Since this query only has to read 650065 records from the IX_Reputation_Id index, the amount of 8KB pages read by the database engine is noticeably lower – 1153.
Putting it all together
As the execution plan shows, the database engine repeats the same access pattern for each of the 3 IDs.
Meaning that the math would look like this:
| CTE | Pages Read | Total |
|---|---|---|
| Rankings | 15497*3 | 46491 (363.21MB) |
| Counts | 1153*3 | 3459 (27.02MB) |
| Total | 49950 (390.23MB) |
Yeah, I know it’s not an exact match (an 87 page difference), but it’s close enough to prove the point here.

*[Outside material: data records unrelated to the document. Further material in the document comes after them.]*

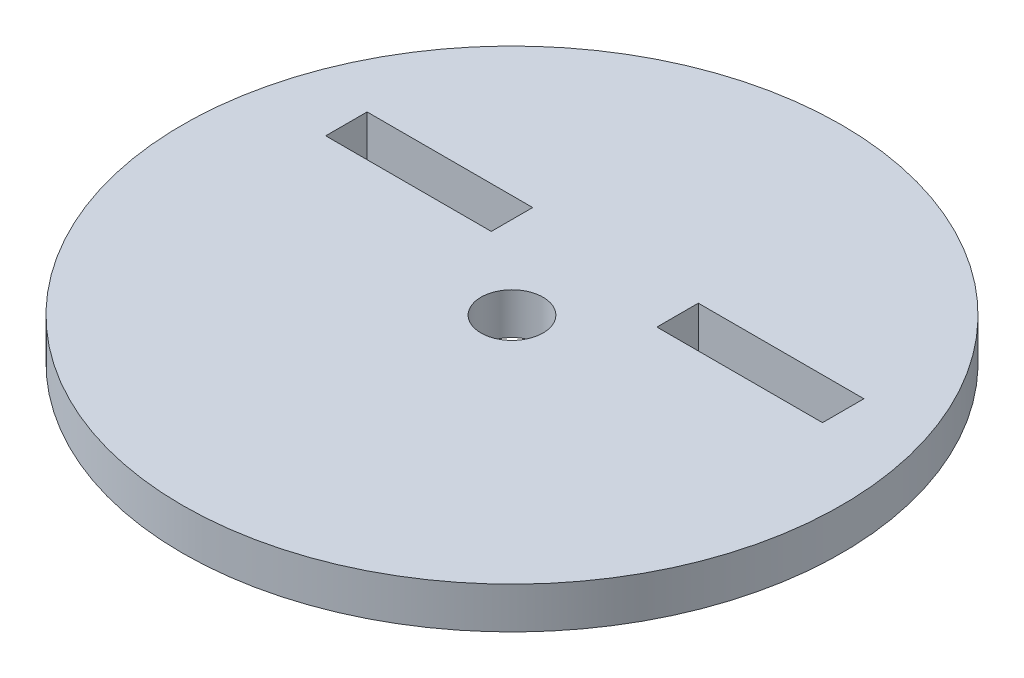
SolidWorks part; units mm, degrees
material "Maple"
ref_plane "Front Plane" through (0, 0, 0) normal (0, 0, 1) x (1, 0, 0)
ref_plane "Top Plane" through (0, 0, 0) normal (0, 1, 0) x (1, 0, 0)
ref_plane "Right Plane" through (0, 0, 0) normal (1, 0, 0) x (0, 0, -1)
sketch "Sketch1" plane through (0, 0, 0) normal (0, 1, 0) x (1, 0, 0)
  line L0 (-48.9245, 12.7) -> (48.9245, 12.7) construction
  line L1 (0, -50.546) -> (0, 50.546) construction
  line L2 (-38.1, 15.875) -> (-12.7, 15.875)
  line L3 (-38.1, 15.875) -> (-38.1, 9.525)
  line L4 (-38.1, 9.525) -> (-12.7, 9.525)
  line L5 (-12.7, 15.875) -> (-12.7, 9.525)
  line L6 (-38.1, 15.875) -> (-12.7, 9.525) construction
  line L7 (-38.1, 9.525) -> (-12.7, 15.875) construction
  line L8 (12.7, 15.875) -> (12.7, 9.525)
  line L9 (38.1, 9.525) -> (12.7, 9.525)
  line L10 (38.1, 15.875) -> (38.1, 9.525)
  line L11 (38.1, 15.875) -> (12.7, 15.875)
  circle A0 centre (0, 0) radius 4.7625
  circle A1 centre (0, 0) radius 50.546
  circle A2 centre (0, 0) radius 3.175 construction
  point P7 (-25.4, 12.7)
  point P14 (0, 0)
  dimension "D1" = 101.092
  dimension "D2" = 6.35
  dimension "D3" = 9.525
  dimension "D4" = 6.35
  dimension "D5" = 25.4
  dimension "D6" = 25.4
  dimension "D7" = 12.7
extrude "Boss-Extrude1" add sketch "Sketch1" along normal blind 6.35
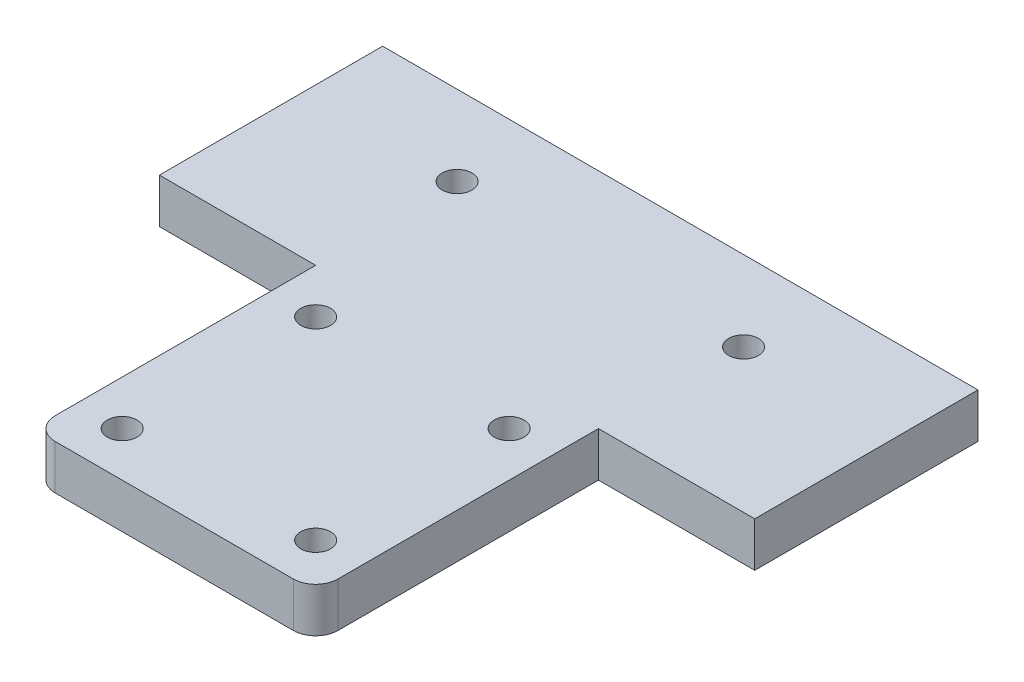
SolidWorks part; units mm, degrees
ref_plane "Front Plane" through (0, 0, 0) normal (0, 0, 1) x (1, 0, 0)
ref_plane "Top Plane" through (0, 0, 0) normal (0, 1, 0) x (1, 0, 0)
ref_plane "Right Plane" through (0, 0, 0) normal (1, 0, 0) x (0, 0, -1)
sketch "Sketch1" plane through (0, 0, 0) normal (0, 1, 0) x (1, 0, 0)
  line L1 (0, 0) -> (38, 0)
  line L2 (0, 0) -> (0, 38)
  line L3 (0, 38) -> (38, 38)
  line L4 (38, 0) -> (38, 38)
  dimension "D1" = 38
  dimension "D2" = 38
extrude "Boss-Extrude1" add sketch "Sketch1" along normal blind 6
sketch "Sketch2" plane through (0, 6, 0) normal (0, 1, 0) x (1, 0, 0)
  line L0 (38, 38) -> (0, 38) construction
  line L1 (0, 38) -> (0, 0) construction
  circle A0 centre (6, 32) radius 2
  point P2 (0, 0)
  dimension "D1" = 4
  dimension "D2" = 6
  dimension "D3" = 6
extrude "Cut-Extrude1" cut sketch "Sketch2" against normal through all
pattern_linear "LPattern1" count 2 spacing 26 along (1, 0, 0) count 2 spacing 26 along (0, 0, 1) of "Cut-Extrude1"
fillet "Fillet1" radius 3 2 edges at (38, 3, 0) (0, 3, 0)
sketch "Sketch3" plane through (0, 0, 0) normal (0, 1, 0) x (1, 0, 0)
  line L0 (0, 38) -> (-21, 38)
  line L1 (-21, 38) -> (-21, 68)
  line L2 (-21, 68) -> (59, 68)
  line L3 (59, 68) -> (59, 38)
  line L4 (59, 38) -> (38, 38)
  line L5 (38, 38) -> (0, 38)
  line L6 (0, 38) -> (0, 3) construction
  dimension "D1" = 80
  dimension "D2" = 30
  dimension "D3" = 21
extrude "Boss-Extrude2" add sketch "Sketch3" along normal blind 6
sketch "Sketch4" plane through (0, 6, 0) normal (0, 1, 0) x (1, 0, 0)
  line L0 (-21, 68) -> (-21, 38) construction
  line L2 (-21, 38) -> (0, 38) construction
  line L3 (59, 68) -> (-21, 68) construction
  circle A0 centre (-0.25, 57.25) radius 2
  circle A1 centre (38.25, 57.25) radius 2
  dimension "D1" = 38.5
  dimension "D3" = 19.25
  dimension "D4" = 4
  dimension "D5" = 4
  dimension "D6" = 10.75
  dimension "D2" = 20.75
extrude "Cut-Extrude2" cut sketch "Sketch4" against normal through all

So, both the execution plan and the IO statistics confirm that there’s no magical place where CTEs store their data, and that it’s being pulled each time from the table/index.
Conclusion
No, SQL Server CTEs do not store or materialize the result anywhere, and luckily, the official documentation also got updated to reflect this (Thanks, Erik Darling!).